Exercise brief = Look through the entries and report how many lines include the word "Logical". Give the number alone.

(Source data)

'''

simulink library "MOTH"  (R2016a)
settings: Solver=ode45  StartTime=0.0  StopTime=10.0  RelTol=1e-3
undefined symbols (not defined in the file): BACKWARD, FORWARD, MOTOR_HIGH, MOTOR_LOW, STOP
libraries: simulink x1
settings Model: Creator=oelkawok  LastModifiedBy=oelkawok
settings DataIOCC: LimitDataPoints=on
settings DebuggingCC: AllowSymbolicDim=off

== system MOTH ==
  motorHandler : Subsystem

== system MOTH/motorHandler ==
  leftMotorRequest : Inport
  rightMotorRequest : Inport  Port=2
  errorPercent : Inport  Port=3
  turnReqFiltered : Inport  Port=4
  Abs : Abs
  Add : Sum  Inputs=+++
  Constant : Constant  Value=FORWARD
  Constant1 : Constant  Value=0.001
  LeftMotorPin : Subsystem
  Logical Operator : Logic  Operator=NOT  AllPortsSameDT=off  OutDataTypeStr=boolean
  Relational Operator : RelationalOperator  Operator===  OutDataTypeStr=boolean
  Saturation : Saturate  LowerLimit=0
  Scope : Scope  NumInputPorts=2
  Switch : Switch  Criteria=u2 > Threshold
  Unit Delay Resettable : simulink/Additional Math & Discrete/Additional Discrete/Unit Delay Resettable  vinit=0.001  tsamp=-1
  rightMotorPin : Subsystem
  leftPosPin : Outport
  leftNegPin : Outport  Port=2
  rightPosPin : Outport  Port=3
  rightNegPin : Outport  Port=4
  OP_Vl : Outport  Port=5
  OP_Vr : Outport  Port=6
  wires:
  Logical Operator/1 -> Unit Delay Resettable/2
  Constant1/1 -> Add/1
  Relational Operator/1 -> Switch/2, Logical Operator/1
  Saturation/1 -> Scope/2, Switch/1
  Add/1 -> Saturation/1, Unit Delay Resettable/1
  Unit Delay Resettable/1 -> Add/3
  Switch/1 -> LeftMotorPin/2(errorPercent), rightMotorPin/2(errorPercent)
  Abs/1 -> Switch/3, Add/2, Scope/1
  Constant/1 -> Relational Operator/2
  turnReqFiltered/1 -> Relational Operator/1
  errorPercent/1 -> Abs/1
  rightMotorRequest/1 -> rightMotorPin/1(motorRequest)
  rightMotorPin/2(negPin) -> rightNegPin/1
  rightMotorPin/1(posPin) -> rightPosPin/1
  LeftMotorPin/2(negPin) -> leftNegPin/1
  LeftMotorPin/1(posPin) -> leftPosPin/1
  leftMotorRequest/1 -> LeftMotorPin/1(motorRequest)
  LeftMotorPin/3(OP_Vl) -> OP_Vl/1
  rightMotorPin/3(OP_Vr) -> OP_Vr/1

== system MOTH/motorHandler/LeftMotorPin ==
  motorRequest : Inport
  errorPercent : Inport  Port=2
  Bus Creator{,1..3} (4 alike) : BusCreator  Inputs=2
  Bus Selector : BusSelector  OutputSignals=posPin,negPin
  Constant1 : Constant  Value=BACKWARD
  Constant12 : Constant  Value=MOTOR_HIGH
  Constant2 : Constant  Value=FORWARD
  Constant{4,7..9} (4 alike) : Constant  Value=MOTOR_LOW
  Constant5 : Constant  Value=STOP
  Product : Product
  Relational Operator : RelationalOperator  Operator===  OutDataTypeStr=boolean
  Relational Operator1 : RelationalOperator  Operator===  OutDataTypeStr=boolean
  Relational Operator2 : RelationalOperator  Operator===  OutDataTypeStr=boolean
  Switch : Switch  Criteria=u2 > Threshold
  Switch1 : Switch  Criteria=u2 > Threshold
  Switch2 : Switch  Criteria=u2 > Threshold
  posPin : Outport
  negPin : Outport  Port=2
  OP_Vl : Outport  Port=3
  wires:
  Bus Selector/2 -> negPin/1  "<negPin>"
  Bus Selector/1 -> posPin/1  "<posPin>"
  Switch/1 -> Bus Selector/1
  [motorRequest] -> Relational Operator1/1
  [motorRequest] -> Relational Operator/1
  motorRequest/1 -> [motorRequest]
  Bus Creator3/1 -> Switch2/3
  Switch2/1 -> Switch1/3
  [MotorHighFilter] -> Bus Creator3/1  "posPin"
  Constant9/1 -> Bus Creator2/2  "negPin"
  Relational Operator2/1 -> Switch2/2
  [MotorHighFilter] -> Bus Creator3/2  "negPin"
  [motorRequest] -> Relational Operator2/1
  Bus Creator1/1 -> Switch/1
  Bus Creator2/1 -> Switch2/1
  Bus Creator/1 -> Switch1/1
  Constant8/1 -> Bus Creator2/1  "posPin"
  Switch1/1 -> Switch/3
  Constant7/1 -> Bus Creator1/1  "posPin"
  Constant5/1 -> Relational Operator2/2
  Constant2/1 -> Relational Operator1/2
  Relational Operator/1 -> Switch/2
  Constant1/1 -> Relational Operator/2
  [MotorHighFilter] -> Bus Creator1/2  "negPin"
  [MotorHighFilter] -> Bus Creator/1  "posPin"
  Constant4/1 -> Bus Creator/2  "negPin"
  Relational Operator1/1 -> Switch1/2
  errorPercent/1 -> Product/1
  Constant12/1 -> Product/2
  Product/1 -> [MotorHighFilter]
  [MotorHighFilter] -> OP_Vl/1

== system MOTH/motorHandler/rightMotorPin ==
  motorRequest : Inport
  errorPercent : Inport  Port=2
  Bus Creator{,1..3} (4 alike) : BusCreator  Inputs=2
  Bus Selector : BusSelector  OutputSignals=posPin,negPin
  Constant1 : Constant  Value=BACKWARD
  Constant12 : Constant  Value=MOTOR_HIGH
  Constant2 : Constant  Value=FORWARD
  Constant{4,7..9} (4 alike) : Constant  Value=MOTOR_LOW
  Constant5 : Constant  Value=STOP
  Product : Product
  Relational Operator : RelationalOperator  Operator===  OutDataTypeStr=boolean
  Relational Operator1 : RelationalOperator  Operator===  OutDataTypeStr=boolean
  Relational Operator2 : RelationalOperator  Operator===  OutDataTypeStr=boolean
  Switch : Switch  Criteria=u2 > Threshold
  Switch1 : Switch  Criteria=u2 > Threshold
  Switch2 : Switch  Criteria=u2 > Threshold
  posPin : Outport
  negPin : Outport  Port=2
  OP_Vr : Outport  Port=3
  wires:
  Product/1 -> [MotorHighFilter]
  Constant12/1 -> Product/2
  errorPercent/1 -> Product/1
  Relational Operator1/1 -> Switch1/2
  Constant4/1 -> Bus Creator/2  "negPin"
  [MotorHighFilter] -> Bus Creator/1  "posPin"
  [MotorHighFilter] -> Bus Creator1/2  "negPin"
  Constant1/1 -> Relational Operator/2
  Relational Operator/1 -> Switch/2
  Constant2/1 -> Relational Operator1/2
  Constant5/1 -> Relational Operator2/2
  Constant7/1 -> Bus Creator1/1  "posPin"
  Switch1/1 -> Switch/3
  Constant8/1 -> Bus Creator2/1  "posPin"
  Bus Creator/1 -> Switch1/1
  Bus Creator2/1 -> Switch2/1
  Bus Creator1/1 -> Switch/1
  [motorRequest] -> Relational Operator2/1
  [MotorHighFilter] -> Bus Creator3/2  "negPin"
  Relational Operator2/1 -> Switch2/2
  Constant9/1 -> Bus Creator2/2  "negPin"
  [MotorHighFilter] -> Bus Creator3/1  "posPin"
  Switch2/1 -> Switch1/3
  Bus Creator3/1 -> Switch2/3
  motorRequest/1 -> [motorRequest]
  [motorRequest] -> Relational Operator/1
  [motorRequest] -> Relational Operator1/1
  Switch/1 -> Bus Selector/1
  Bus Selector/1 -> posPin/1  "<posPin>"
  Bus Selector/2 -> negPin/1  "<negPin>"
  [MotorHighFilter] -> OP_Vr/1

'''

Response below = 3